Blevins grew up twenty-five miles away from Mountain View, but he had never heard of this story until he began his research. He became interested in how the new media contributed to the story’s construction as well as ways that local residents may have been complicit in the tale’s telling. Blevins discovered that even eight decades after the court case, the memory of the trial can still be a controversial topic in the region and that discovering what really happened will likely remain a chimera for historians and folklorists. Blevins does assert that the Connie Franklin who showed up alive during the police investigation most likely was the victim of an attack. The evidence of charred remains pulled from the creek were as fake as the false identity that a drifter named Marion Franklin Rogers (Frank Rogers) used when he turned up in Pine Bluff, Arkansas—only to be taken to Batesville to identify the assailants in a police line-up a half year after the murder. In sum, Rogers may have been attacked, but the story of his murder was clearly fabricated, perhaps by the assailants or by others within the region.

Blevins is one of the foremost authorities on the history of the Ozarks. As the Noel Boyd Professor of Ozark Studies at Missouri State University, he has made important contributions to understanding this region’s history, and he has provided careful attention to the place of folklore within his historical studies. Ghost of the Ozarks departs from his more conventional scholarship as it is primarily a social history told in a highly engaging literary style. His tasteful prose and clever structuring of the story pulls the reader’s interest into the saga. At times, when various other imposters make their appearance, even highly critical readers can be playfully duped by Blevins’ narrative skill. As Blevins himself suggests, the story could make a fine movie, perhaps one directed by the Coen Brothers or John Sayles. Blevins’ own style is highly visual, but he grounds his vibrant descriptions and representations of the inner world of the characters on the solid research of a fine historian.

The book is more history than folklore, but it will appeal to a broad spectrum of readers who are interested in regional history, legends, and even ballads about "Connie Franklin." Following the trial, Frank Rogers himself penned "The Spectre of the Greenway Trial," and an Arkansas music teacher named W. T. Kendrick wrote "Connie Franklin" and set it to the tune of the ballad of "Floyd Collins." Folklorists who have researched the Floyd Collins’ saga will note that the parallels between Collins and Franklin go much deeper than the idea that their subjects are not necessarily heroes but closer to victims of circumstance. The trial of the attack against the Ghost of the Ozarks shows how stereotypical imagery and outsiders’ preconceptions of southern culture spawned a media feeding frenzy—in ways that are similar to the ways that the mass media of the 1920s also lionized Floyd Collins. Blevins provides solid documentation of the ways this media hype was formulated as well as insight into this process as complicit with contemporary ideas about the representation of Ozark culture.

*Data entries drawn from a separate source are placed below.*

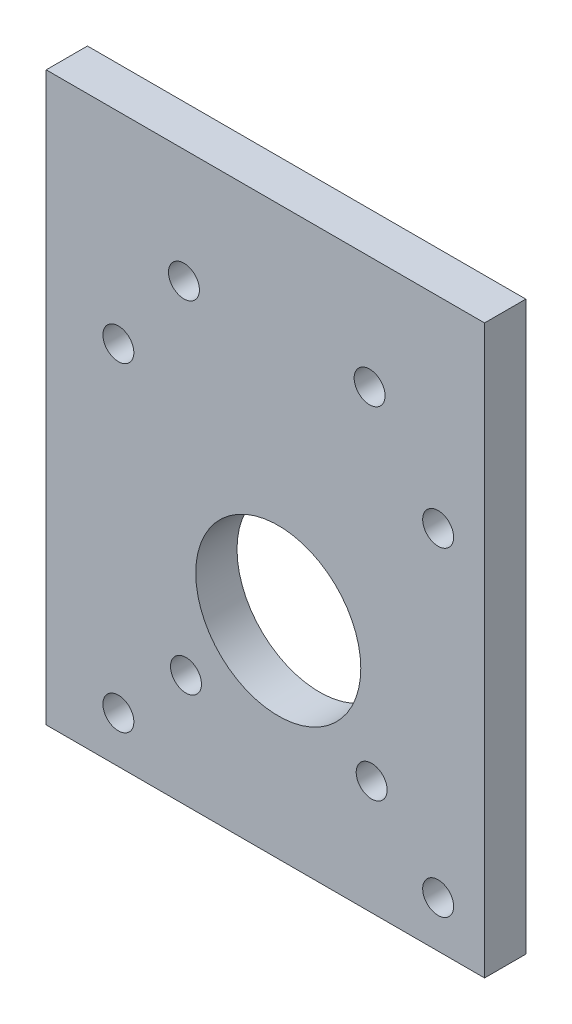
ISO-10303-21;
HEADER;
FILE_DESCRIPTION(('STEP AP214'),'2;1');
FILE_NAME('part.step','',(''),(''),'','','');
FILE_SCHEMA(('AUTOMOTIVE_DESIGN { 1 0 10303 214 1 1 1 1 }'));
ENDSEC;
DATA;
#1=APPLICATION_CONTEXT('core data for automotive mechanical design processes');
#2=APPLICATION_PROTOCOL_DEFINITION('international standard','automotive_design',2000,#1);
#3=PRODUCT_CONTEXT('',#1,'mechanical');
#4=PRODUCT('Part','Part','',(#3));
#5=PRODUCT_RELATED_PRODUCT_CATEGORY('part','',(#4));
#6=PRODUCT_DEFINITION_FORMATION('','',#4);
#7=PRODUCT_DEFINITION_CONTEXT('part definition',#1,'design');
#8=PRODUCT_DEFINITION('design','',#6,#7);
#9=PRODUCT_DEFINITION_SHAPE('','',#8);
#10=(LENGTH_UNIT() NAMED_UNIT(*) SI_UNIT(.MILLI.,.METRE.));
#11=(NAMED_UNIT(*) PLANE_ANGLE_UNIT() SI_UNIT($,.RADIAN.));
#12=(NAMED_UNIT(*) SI_UNIT($,.STERADIAN.) SOLID_ANGLE_UNIT());
#13=UNCERTAINTY_MEASURE_WITH_UNIT(LENGTH_MEASURE(1.E-05),#10,'distance_accuracy_value','');
#14=(GEOMETRIC_REPRESENTATION_CONTEXT(3) GLOBAL_UNCERTAINTY_ASSIGNED_CONTEXT((#13)) GLOBAL_UNIT_ASSIGNED_CONTEXT((#10,
#11,#12)) REPRESENTATION_CONTEXT('',''));
#15=CARTESIAN_POINT('',(0.,0.,0.));
#16=DIRECTION('',(0.,0.,1.));
#17=DIRECTION('',(1.,0.,0.));
#18=AXIS2_PLACEMENT_3D('',#15,#16,#17);
#19=CARTESIAN_POINT('',(21.25,20.,2.));
#20=DIRECTION('',(-1.,0.,0.));
#21=DIRECTION('',(0.,0.,1.));
#22=AXIS2_PLACEMENT_3D('',#19,#20,#21);
#23=PLANE('',#22);
#24=DIRECTION('',(0.,1.,0.));
#25=VECTOR('',#24,1.);
#26=CARTESIAN_POINT('',(21.25,20.,-2.));
#27=LINE('',#26,#25);
#28=CARTESIAN_POINT('',(21.25,-20.,-2.));
#29=VERTEX_POINT('',#28);
#30=CARTESIAN_POINT('',(21.25,35.,-2.));
#31=VERTEX_POINT('',#30);
#32=EDGE_CURVE('E153',#29,#31,#27,.T.);
#33=ORIENTED_EDGE('',*,*,#32,.T.);
#34=DIRECTION('',(0.,0.,-1.));
#35=VECTOR('',#34,1.);
#36=CARTESIAN_POINT('',(21.25,35.,-2.));
#37=LINE('',#36,#35);
#38=CARTESIAN_POINT('',(21.25,35.,2.));
#39=VERTEX_POINT('',#38);
#40=EDGE_CURVE('E99',#39,#31,#37,.T.);
#41=ORIENTED_EDGE('',*,*,#40,.F.);
#42=DIRECTION('',(0.,1.,0.));
#43=VECTOR('',#42,1.);
#44=CARTESIAN_POINT('',(21.25,20.,2.));
#45=LINE('',#44,#43);
#46=CARTESIAN_POINT('',(21.25,-20.,2.));
#47=VERTEX_POINT('',#46);
#48=EDGE_CURVE('E89',#47,#39,#45,.T.);
#49=ORIENTED_EDGE('',*,*,#48,.F.);
#50=DIRECTION('',(0.,0.,-1.));
#51=VECTOR('',#50,1.);
#52=CARTESIAN_POINT('',(21.25,-20.,2.));
#53=LINE('',#52,#51);
#54=EDGE_CURVE('E49',#47,#29,#53,.T.);
#55=ORIENTED_EDGE('',*,*,#54,.T.);
#56=EDGE_LOOP('',(#33,#41,#49,#55));
#57=FACE_BOUND('',#56,.T.);
#58=ADVANCED_FACE('F39',(#57),#23,.F.);
#59=CARTESIAN_POINT('',(-21.25,20.,2.));
#60=DIRECTION('',(1.,0.,0.));
#61=DIRECTION('',(0.,1.,0.));
#62=AXIS2_PLACEMENT_3D('',#59,#60,#61);
#63=PLANE('',#62);
#64=DIRECTION('',(0.,-1.,0.));
#65=VECTOR('',#64,1.);
#66=CARTESIAN_POINT('',(-21.25,20.,-2.));
#67=LINE('',#66,#65);
#68=CARTESIAN_POINT('',(-21.25,35.,-2.));
#69=VERTEX_POINT('',#68);
#70=CARTESIAN_POINT('',(-21.25,-20.,-2.));
#71=VERTEX_POINT('',#70);
#72=EDGE_CURVE('E69',#69,#71,#67,.T.);
#73=ORIENTED_EDGE('',*,*,#72,.T.);
#74=DIRECTION('',(0.,0.,-1.));
#75=VECTOR('',#74,1.);
#76=CARTESIAN_POINT('',(-21.25,-20.,2.));
#77=LINE('',#76,#75);
#78=CARTESIAN_POINT('',(-21.25,-20.,2.));
#79=VERTEX_POINT('',#78);
#80=EDGE_CURVE('E11',#79,#71,#77,.T.);
#81=ORIENTED_EDGE('',*,*,#80,.F.);
#82=DIRECTION('',(0.,-1.,0.));
#83=VECTOR('',#82,1.);
#84=CARTESIAN_POINT('',(-21.25,20.,2.));
#85=LINE('',#84,#83);
#86=CARTESIAN_POINT('',(-21.25,35.,2.));
#87=VERTEX_POINT('',#86);
#88=EDGE_CURVE('E83',#87,#79,#85,.T.);
#89=ORIENTED_EDGE('',*,*,#88,.F.);
#90=DIRECTION('',(0.,0.,1.));
#91=VECTOR('',#90,1.);
#92=CARTESIAN_POINT('',(-21.25,35.,-2.));
#93=LINE('',#92,#91);
#94=EDGE_CURVE('E87',#69,#87,#93,.T.);
#95=ORIENTED_EDGE('',*,*,#94,.F.);
#96=EDGE_LOOP('',(#73,#81,#89,#95));
#97=FACE_BOUND('',#96,.T.);
#98=ADVANCED_FACE('F85',(#97),#63,.F.);
#99=CARTESIAN_POINT('',(-21.25,-20.,2.));
#100=DIRECTION('',(0.,1.,0.));
#101=DIRECTION('',(0.,0.,1.));
#102=AXIS2_PLACEMENT_3D('',#99,#100,#101);
#103=PLANE('',#102);
#104=DIRECTION('',(1.,0.,0.));
#105=VECTOR('',#104,1.);
#106=CARTESIAN_POINT('',(-21.25,-20.,-2.));
#107=LINE('',#106,#105);
#108=EDGE_CURVE('E158',#71,#29,#107,.T.);
#109=ORIENTED_EDGE('',*,*,#108,.T.);
#110=ORIENTED_EDGE('',*,*,#54,.F.);
#111=DIRECTION('',(1.,0.,0.));
#112=VECTOR('',#111,1.);
#113=CARTESIAN_POINT('',(-21.25,-20.,2.));
#114=LINE('',#113,#112);
#115=EDGE_CURVE('E58',#79,#47,#114,.T.);
#116=ORIENTED_EDGE('',*,*,#115,.F.);
#117=ORIENTED_EDGE('',*,*,#80,.T.);
#118=EDGE_LOOP('',(#109,#110,#116,#117));
#119=FACE_BOUND('',#118,.T.);
#120=ADVANCED_FACE('F207',(#119),#103,.F.);
#121=CARTESIAN_POINT('',(0.,0.,2.));
#122=DIRECTION('',(0.,0.,1.));
#123=DIRECTION('',(1.,0.,0.));
#124=AXIS2_PLACEMENT_3D('',#121,#122,#123);
#125=PLANE('',#124);
#126=CARTESIAN_POINT('',(-7.69577181131252,-9.05390339576949,2.));
#127=DIRECTION('',(0.,0.,1.));
#128=DIRECTION('',(1.,0.,0.));
#129=AXIS2_PLACEMENT_3D('',#126,#127,#128);
#130=CIRCLE('',#129,1.5);
#131=CARTESIAN_POINT('',(-6.19577181131252,-9.05390339576949,2.));
#132=VERTEX_POINT('',#131);
#133=EDGE_CURVE('E371',#132,#132,#130,.T.);
#134=ORIENTED_EDGE('',*,*,#133,.F.);
#135=EDGE_LOOP('',(#134));
#136=FACE_BOUND('',#135,.T.);
#137=CARTESIAN_POINT('',(10.3039033957695,-8.94577181131251,2.));
#138=DIRECTION('',(0.,0.,1.));
#139=DIRECTION('',(1.,0.,0.));
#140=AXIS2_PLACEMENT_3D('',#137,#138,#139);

His discussion of ways that the incident is complicit with Ozarkers’ wariness about outsiders’ representation of their history and culture is especially important. It also played out in tension that Blevins personally experienced while completing the research.

Blevins tends to focus more on folklore as a subject matter than on folklore scholarship. This orientation is understandable because he is a historian. His discussion could have been fleshed out with more in-depth consideration of research that focuses on relationships between folklore and local history as well as folklore and legend. However, there are no glaring misrepresentations of folklorists’ perspectives, and he uses key concepts in folkloristics well to support his own arguments as a social historian. More importantly, the book provides a welcome approach that folklorists could pursue in our own scholarship. Namely, in much of our current scholarship on legends, we tend to skirt the issue of ascertaining historical veracity in favor of analysis of symbolic meanings of the texts. The idea that meaning is connected to deeper issues than verifying what actually happened is an important hallmark of scholarship on legends. It does, however, have its own limitations. Historians sometimes chide folklorists for our "squishiness" when we argue that it’s more worthwhile to interpret legends for their symbolic meanings than for their historical accuracy. Their critiques are especially important when they remind us that there are important contributions to be made when we attempt to figure out what really happened rather than what probably happened (169). Furthermore, the masterful application of a fine historian’s research and writing techniques also provides important resources for folklorists researching interconnections between local history and folklore.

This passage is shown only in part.